The explanation is that L is so much bigger than r. We are trying to detect a difference in the order of 2r over a distance L, a ratio of 2r/L, which is tiny. However, the difference in the orbital position compared to L will be in the order of (2r/L)² , or less, which is so small that it can be ignored.

Also, any relativistic effects, due to the movement of the components, are negiligible.

What if the speed of gravitational radiation were to be infinite

It has been suggested that the speed of gravitational radiation may be infinite. Follow the above procedures with that assumption and you find that the interferometer is not capable of detecting the radiation. As it is now certain that it has been detected by this method, the finite speed of propagation must be accepted. A speed of 'c' is a reasonable assumption at this stage.

Appendix

Consider this scenario.

• A test mass is a very long way from a source of gravitational radiation.

• The source consists of two equal masses in the same circular orbit.

• The test mass is in the plane of the source's orbit.
  
  

The source mass approaching the test mass appears to move faster than the source mass receding from the test mass.

The red dots represent the apparent postions of the source mass nearest to the test mass, numbered 1 to 8,at equal time intervals as seen fom the test mass.

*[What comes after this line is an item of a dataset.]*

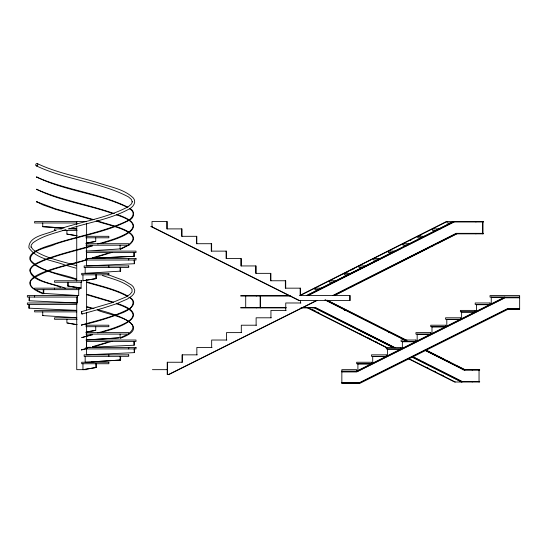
<?xml version="1.0" encoding="UTF-8"?>
<svg xmlns="http://www.w3.org/2000/svg" width="547" height="547" viewBox="0 0 547 547"><rect width="100%" height="100%" fill="white"/><g stroke="black" fill="none" stroke-linecap="round" stroke-linejoin="round"><path stroke-width="0.82" d="M107.957 274.635L124.039 280.584L131.711 285.185L133.523 287.148L134.76 290.471L134.391 292.597L133.372 294.368L131.724 296.077L127.266 299.079L116.764 303.66L103.116 308.118L82.002 314.053L81.353 311.674L111.786 302.792L125.913 297.014L130.056 294.286L132.032 291.941L132.032 289.349L130.282 287.196C122.213 281.076 112.367 278.84 102.433 275.524M82.002 314.053L81.38 311.715M128.901 244.516C146.322 231.135 102.904 224.414 96.142 220.81M129.208 244.899C147.075 230.786 103.773 224.249 97.763 220.762M128.914 333.403C145.789 319.81 103.759 313.773 97.639 310.135M71.213 228.113C90.72 222.055 111.561 218.807 129.591 208.769C133.242 206.91 136.634 201.939 133.475 198.158C124.107 188.893 109.974 187.012 98.002 182.766C77.742 176.565 56.519 172.797 37.312 163.587M129.16 244.926L120.313 249.377M300.296 295.195L446.523 221.494L483.384 221.494L483.384 221.986L453.545 221.986L405.559 246.171M346.107 272.652L347.632 271.886M351.441 269.965L354.483 268.433M402.462 244.249L403.987 243.483M410.079 240.413L411.604 239.641M417.696 236.571L421.505 234.656M306.375 295.578L453.367 221.494M306.997 295.578L453.989 221.494M308.836 294.915L330.162 284.173M333.971 282.252L337.779 280.331M339.304 279.565L401.751 248.085M307.879 295.688L454.099 221.986M332.822 295.53L456.205 233.343L483.384 233.343L483.384 233.843L456.253 233.843L437.217 243.436M333.383 295.53L456.759 233.343M335.161 294.874L346.586 289.117M350.395 287.196L354.203 285.274M358.012 283.36L361.82 281.438M365.628 279.517L369.437 277.596M370.955 276.83L412.841 255.722M414.366 254.95L420.458 251.88M421.983 251.114L428.075 248.044M431.884 246.123L433.409 245.357M334.258 295.64L456.875 233.843M126.487 245.965L120.121 248.919L86.023 251.073L136.005 251.128L136.005 252.605L86.378 252.605L86.447 258.533L134.152 256.311L134.152 252.605M126.453 334.88L120.135 337.82M168.387 374.599L316.549 300.515M316.904 300.515L168.743 374.599L167.218 374.599L167.218 362.251L182.39 362.251L182.39 354.846M341.848 371.139L356.665 371.139L504.833 297.055M341.848 371.639L356.781 371.639L504.949 297.554L519.65 297.554M341.848 371.885L356.842 371.885L505.011 297.8L519.65 297.8M341.848 382.75L359.406 382.75L507.575 308.665L519.65 308.665M341.848 382.996L359.461 382.996L507.63 308.911L519.65 308.911M120.299 338.285C155.594 325.574 110.706 312.918 97.769 309.664M55.425 230.184C47.459 234.417 28.465 235.648 28.875 247.798C36.676 259.381 53.223 260.338 65.305 265.151M112.244 252.345L92.532 258.28M112.231 341.253L92.525 347.181M102.85 242.964C122.398 238.027 152.886 225.986 116.477 214.356M107.527 253.364L92.388 257.801M102.843 331.865C122.309 327.031 152.948 314.696 116.456 303.243M107.533 342.258L92.395 346.702M60.266 228.701C82.953 221.296 107.328 217.945 128.518 206.554L131.581 203.785L132.353 201.385L132.333 202L131.335 199.388L128.442 196.879C99.992 181.877 65.941 179.997 36.225 165.803M65.968 229.596C54.297 233.378 42.816 235.648 33.032 242.772L31.316 244.953L31.035 246.403L31.329 247.538L31.117 246.964L33.121 249.664C45.155 258.252 61.961 261.145 76.587 265.739M97.633 243.976C115.69 239.073 155.697 227.272 116.279 214.8M97.639 332.877C115.396 328.063 155.635 316.392 116.306 303.715M92.388 245.459C75.896 250.177 59.083 254.027 43.069 260.276C38.317 262.519 32.444 264.372 29.859 269.35C29.716 281.5 52.785 283.243 60.512 287.414M92.532 245.931C76.033 250.649 59.226 254.499 43.213 260.748C38.358 263.271 31.213 265.035 30.064 270.922C35.302 282.491 54.556 283.626 65.722 288.426M92.395 334.354L81.681 337.615L92.525 334.832M87.035 259.285C78.371 263.777 -0.937 275.92 43.049 293.828M87.164 259.757C68.956 265.568 48.553 268.317 32.54 278.949C28.321 281.671 30.379 287.134 34.454 288.96M129.844 297.349C140.34 304.043 126.726 311.599 120.299 313.588C107.964 318.169 93.756 322.751 81.612 324.98C96.675 320.604 112.484 317.157 126.453 310.183C132.764 308.351 136.23 300.399 128.914 297.26M87.164 348.658L81.647 349.841L87.035 348.186M86.235 243.025L95.021 241.494M86.152 243.162L95.739 241.494L95.739 237.788M82.959 274.833L82.959 280.761L96.457 278.539L96.457 274.833M96.457 278.539L82.959 280.761M86.235 331.926L95.739 330.395L95.739 326.689M86.152 332.063L95.739 330.395M96.457 363.734L96.457 367.44L82.959 369.663L82.959 363.734M83.67 369.663L96.457 367.44M120.62 267.421L120.62 271.127L85.168 273.35L85.168 267.421M86.351 339.919L118.72 337.861M120.62 356.323L120.62 360.029L85.168 362.251L85.168 356.323M91.657 361.875L120.62 360.029M87.958 258.457L134.152 256.311M134.35 260.016L134.35 263.722L86.447 265.945L86.447 260.016M90.706 347.236L86.447 347.434L86.447 341.506L136.005 341.506L136.005 340.029L85.954 340.029L120.094 337.807L120.094 334.101M92.409 347.154L134.152 345.212L134.152 341.506M134.35 348.918L134.35 352.624L86.447 354.846L86.447 348.918M127.943 207.204C99.069 193.036 65.531 190.048 36.567 177.016C64.874 190.951 97.934 193.282 126.473 206.896M36.711 177.276L36.875 176.818M114.364 213.61C88.764 204.66 61.243 200.216 36.587 189.303C59.999 201.009 87.39 204.599 112.067 213.323M94.016 219.703L55.835 208.913L36.567 201.706L43.035 204.927L55.664 209.378L92.402 219.757M36.711 201.973L36.875 201.515M86.617 221.494L34.632 221.494L34.632 222.971L76.812 222.971M451.029 222.971L447.145 222.971L447.145 221.494L300.153 295.578L300.18 288.166M152.367 226.431L150.849 226.431L299.011 300.515L350.312 300.515L350.312 295.578L299.612 295.578M42.741 222.971L42.741 226.677L61.148 227.819M61.859 228.899L54.515 228.899L54.515 230.383L56.218 230.383M68.136 228.899L76.655 228.899M440.301 228.899L432.445 228.899L432.445 230.383L437.108 230.383M62.618 230.383L77.127 230.383M66.898 230.383L66.898 234.089L77.202 235.75M85.852 236.311L108.839 236.311L108.839 237.788L85.852 237.788M425.094 236.311L417.744 236.311L417.744 237.788L421.634 237.788M85.852 243.716L128.73 243.716L128.73 245.2L85.954 245.2M409.58 243.716L403.05 243.716L403.05 245.2L406.934 245.2M395.7 251.128L388.349 251.128L388.349 252.605L392.233 252.605M380.186 258.533L373.649 258.533L373.649 260.016L378.312 260.016M134.35 263.722L134.152 260.016M366.299 265.945L358.948 265.945L358.948 267.421L362.839 267.421M120.62 271.127L120.094 271.127L120.094 267.421M350.784 273.35L344.254 273.35L344.254 274.833L348.918 274.833M336.904 280.761L329.554 280.761L329.554 282.238L333.444 282.238M67.616 282.238L67.616 285.944L81.113 288.166L81.113 282.238M81.113 288.166L67.616 285.944M322.204 288.166L314.853 288.166L314.853 289.65L318.744 289.65M78.187 295.578L78.706 295.578L78.706 289.65M289.247 295.578L240.742 295.578L240.742 296.071L290.874 296.071M519.65 297.055L490.016 297.055L490.016 295.578L519.65 295.578L519.65 309.404L507.746 309.404L359.577 383.488L341.848 383.488L341.848 369.663L356.665 369.663L356.665 371.139M491.254 297.301L504.341 297.301M29.203 297.055L29.203 300.761L29.394 297.055M76.765 302.983L27.35 302.983L27.35 304.467L76.847 304.467M77.1 297.055L77.1 302.983L76.908 297.055M300.925 302.983L285.753 302.983L285.753 310.395M476.437 304.713L489.524 304.713M286.17 307.428L240.742 307.428L240.742 307.92L286.115 307.92M302.395 307.428L315.202 307.428L395.166 347.735M300.734 307.92L315.086 307.92L393.532 347.461M29.012 304.467L29.012 308.173L29.203 304.467M76.559 310.395L34.632 310.395L34.632 311.872L76.812 311.872M76.717 310.395L29.012 308.173M286.108 310.395L270.936 310.395L270.936 317.8M344.302 310.395L346.75 310.395M461.62 312.118L474.707 312.118M42.741 311.872L42.741 315.578L43.261 315.578M76.655 317.8L54.515 317.8L54.515 319.284L77.127 319.284M271.291 317.8L256.119 317.8L256.119 325.212M446.803 319.53L459.89 319.53M85.852 325.212L108.839 325.212L108.839 326.689L85.852 326.689M256.475 325.212L241.302 325.212L241.302 332.617M431.986 326.935L445.073 326.935M85.852 332.617L128.73 332.617L128.73 334.101L85.954 334.101M241.658 332.617L226.485 332.617L226.485 340.029M388.397 332.617L390.032 332.617M417.17 334.347L430.257 334.347M226.841 340.029L211.668 340.029L211.668 347.434M402.353 341.752L415.44 341.752M134.152 345.212L133.96 341.506M212.024 347.434L196.852 347.434L196.852 354.846M387.536 349.164L400.623 349.164M134.35 352.624L134.152 348.918M197.207 354.846L182.035 354.846L182.035 362.251M372.719 356.569L385.806 356.569M357.902 363.981L370.989 363.981M86.617 369.663L76.737 369.663L76.737 302.388M152.401 369.663L167.573 369.663M462.242 369.663L479.664 369.663L479.664 370.155L464.287 370.155L424.684 350.196M29.203 300.761L77.1 302.983M69.667 228.359L76.484 228.79M42.741 226.677L64.033 228.031M69.141 228.359L76.812 228.844M78.706 295.578L43.261 293.356L36.861 290.409M42.741 315.578L76.812 317.745M66.898 234.089L76.491 235.75M67.616 322.99L77.202 324.651M76.491 324.651L66.898 322.99L66.898 319.284M75.924 268.119L66.05 265.363M76.32 279.038C61.175 273.315 41.23 272.481 30.304 259.873C30.14 249.576 48.184 247.825 55.815 243.955C80.115 235.73 106.337 232.359 129.16 220.229C134.473 218.178 135.348 210.91 129.871 208.475M87.164 282.006C100.915 286.095 115.287 289.137 127.957 296.112M76.19 279.517C55.65 273.924 -0.711 260.372 51.131 244.96C76.012 236.359 102.528 232.454 126.487 221.268C132.053 219.244 136.627 212.462 129.53 208.831M87.035 282.478C100.737 286.553 115.205 289.643 127.683 296.522M87.164 294.348L113.639 302.252M87.035 294.826L112.087 302.231M87.164 306.696L94.022 308.604M87.035 307.175L92.395 308.658M36.656 189.611L36.875 189.166M151.204 226.431L299.366 300.515M327.12 300.18L407.084 340.487M426.127 350.08L464.964 369.663M327.256 300.563L363.051 318.607M364.576 319.373L370.668 322.443M372.192 323.215L378.285 326.285M382.093 328.207L385.902 330.121M389.703 332.043L406.462 340.487M426.263 350.47L436.923 355.844M438.448 356.61L444.54 359.68M446.065 360.446L449.873 362.367M455.966 365.437L457.49 366.203M459.008 366.975L464.341 369.663M325.479 299.906L406.209 340.596M425.245 350.196L464.847 370.155M324.918 299.906L404.883 340.213M412.684 356.562L462.188 381.512M314.641 307.428L354.244 327.393M358.053 329.308L394.606 347.735M412.889 356.945L420.506 360.788M422.024 361.553L425.833 363.475M429.641 365.389L461.627 381.512L479.664 381.512L479.664 382.004L454.605 382.004L408.151 358.593M412.568 357.054L462.071 382.004M314.463 307.92L392.91 347.461M411.946 357.054L461.449 382.004M312.105 309.349L315.913 311.27M317.438 312.036L318.956 312.802M360.288 333.916L361.806 334.682M367.905 337.752L371.707 339.673M375.516 341.595L377.04 342.36M426.544 367.31L428.069 368.076M434.161 371.146L435.685 371.919M441.778 374.989L443.302 375.755M308.241 307.92L386.688 347.461M408.773 358.593L455.227 382.004M307.619 307.92L386.825 347.844M81.619 324.98L81.742 325.438M81.619 349.677L81.735 350.135M491.254 297.055L491.254 303.852M482.823 221.986L482.823 233.343M482.762 221.494L482.762 233.843M479.042 369.663L479.042 382.004M476.437 304.467L476.437 311.257M475.917 221.494L475.917 221.986M475.917 233.343L475.917 233.843M472.198 369.663L472.198 370.155M472.198 381.512L472.198 382.004M461.62 311.872L461.62 318.669M446.803 319.284L446.803 326.074M431.986 326.689L431.986 333.485M417.17 334.101L417.17 340.89M402.353 341.506L402.353 348.302M387.536 348.918L387.536 355.707M372.719 356.323L372.719 363.119M357.902 363.734L357.902 370.524M349.567 295.578L349.567 300.515M300.529 295.578L300.529 288.166L285.363 288.166L285.363 280.761M300.57 300.515L300.57 302.983M285.712 288.166L285.712 280.761L270.546 280.761L270.546 273.35M270.902 280.761L270.902 273.35L255.729 273.35L255.729 265.945M260.57 295.578L260.57 307.92M260.14 296.071L260.14 307.428M256.29 295.578L256.29 296.071M256.29 307.428L256.29 307.92M256.085 273.35L256.085 265.945L240.912 265.945L240.912 258.533M245.706 296.071L245.706 307.428M241.268 265.945L241.268 258.533L226.096 258.533L226.096 251.128M226.451 258.533L226.451 251.128L211.279 251.128L211.279 243.716M211.634 251.128L211.634 243.716L196.462 243.716L196.462 236.311M196.817 243.716L196.817 236.311L181.645 236.311L181.645 228.899M182.001 236.311L182.001 228.899L166.828 228.899L166.828 221.494M167.573 362.251L167.573 374.599M167.184 228.899L167.184 221.494L152.011 221.494L152.011 226.431M133.96 252.605L133.96 256.311M128.73 258.533L128.73 260.016M128.73 347.434L128.73 348.918M120.094 245.2L120.094 248.906M120.094 356.323L120.094 360.029M108.839 265.945L108.839 267.421M108.839 354.846L108.839 356.323M95.739 274.833L95.739 278.539M95.739 363.734L95.739 367.44M86.617 223.197L86.617 258.957M86.617 279.394L86.617 310.053M86.617 312.604L86.617 347.523M76.737 221.494L76.737 224.899M76.737 226.602L76.737 281.096M76.737 287.059L76.737 288.761M68.334 282.238L68.334 285.944M54.515 288.166L54.515 289.65M43.787 289.65L43.787 293.356L43.261 293.356L43.261 289.65M34.632 295.578L34.632 297.055M136.005 258.533L85.954 258.533L85.954 260.016L136.005 260.016L136.005 258.533M128.73 265.945L84.149 265.945L84.149 267.421L128.73 267.421L128.73 265.945M108.839 273.35L81.681 273.35L81.681 274.833L108.839 274.833L108.839 273.35M81.681 280.761L54.515 280.761L54.515 282.238L81.681 282.238L81.681 280.761M79.206 288.166L34.632 288.166L34.632 289.65L79.206 289.65L79.206 288.166M77.4 295.578L27.35 295.578L27.35 297.055L77.4 297.055L77.4 295.578M490.016 302.983L475.199 302.983L475.199 304.467L490.016 304.467L490.016 302.983M475.199 310.395L460.383 310.395L460.383 311.872L475.199 311.872L475.199 310.395M460.383 317.8L445.566 317.8L445.566 319.284L460.383 319.284L460.383 317.8M445.566 325.212L430.749 325.212L430.749 326.689L445.566 326.689L445.566 325.212M430.749 332.617L415.932 332.617L415.932 334.101L430.749 334.101L430.749 332.617M415.932 340.029L401.115 340.029L401.115 341.506L415.932 341.506L415.932 340.029M136.005 347.434L85.954 347.434L85.954 348.918L136.005 348.918L136.005 347.434M401.115 347.434L386.298 347.434L386.298 348.918L401.115 348.918L401.115 347.434M128.73 354.846L84.149 354.846L84.149 356.323L128.73 356.323L128.73 354.846M386.298 354.846L371.481 354.846L371.481 356.323L386.298 356.323L386.298 354.846M108.839 362.251L81.681 362.251L81.681 363.734L108.839 363.734L108.839 362.251M371.481 362.251L356.665 362.251L356.665 363.734L371.481 363.734L371.481 362.251M37.018 165.789A1.238 0.998 -63.4 0 0 37.524 163.738A1.238 0.998 -63.4 0 0 35.76 164.558A1.238 0.998 -63.4 0 0 37.018 165.789"/></g></svg>

The blue dots represent the apparent postions of the furthest source mass, at the same times,.

The effects of relativity, other than the finite speed of light, are not considered.

Acceleration towards the centre of the orbit 

The red and blue arrows in this diagram are the acceleration vectors for the red and blue masses at point 5 in their orbit. The masses appear to be in-line at this time.The black arrow is the resultant acceleration vector as viewed from the test mass.

The red and blue arrows in the following diagram are the acceleration vectors for the red and blue masses at all the numbered points in their orbit. The black arrows are the resultant acceleration vectors. For example, at time 1, acceleration (proportional to the square of the velocity) is maximum for the approaching red mass and minimum for the receding blue mass.

Adding the resultant vectors, in time, for these few points results in a roughly circular curve with the vectors acting in a clockwise sense. The radiation causes the test mass to move in a clockwise circular orbit.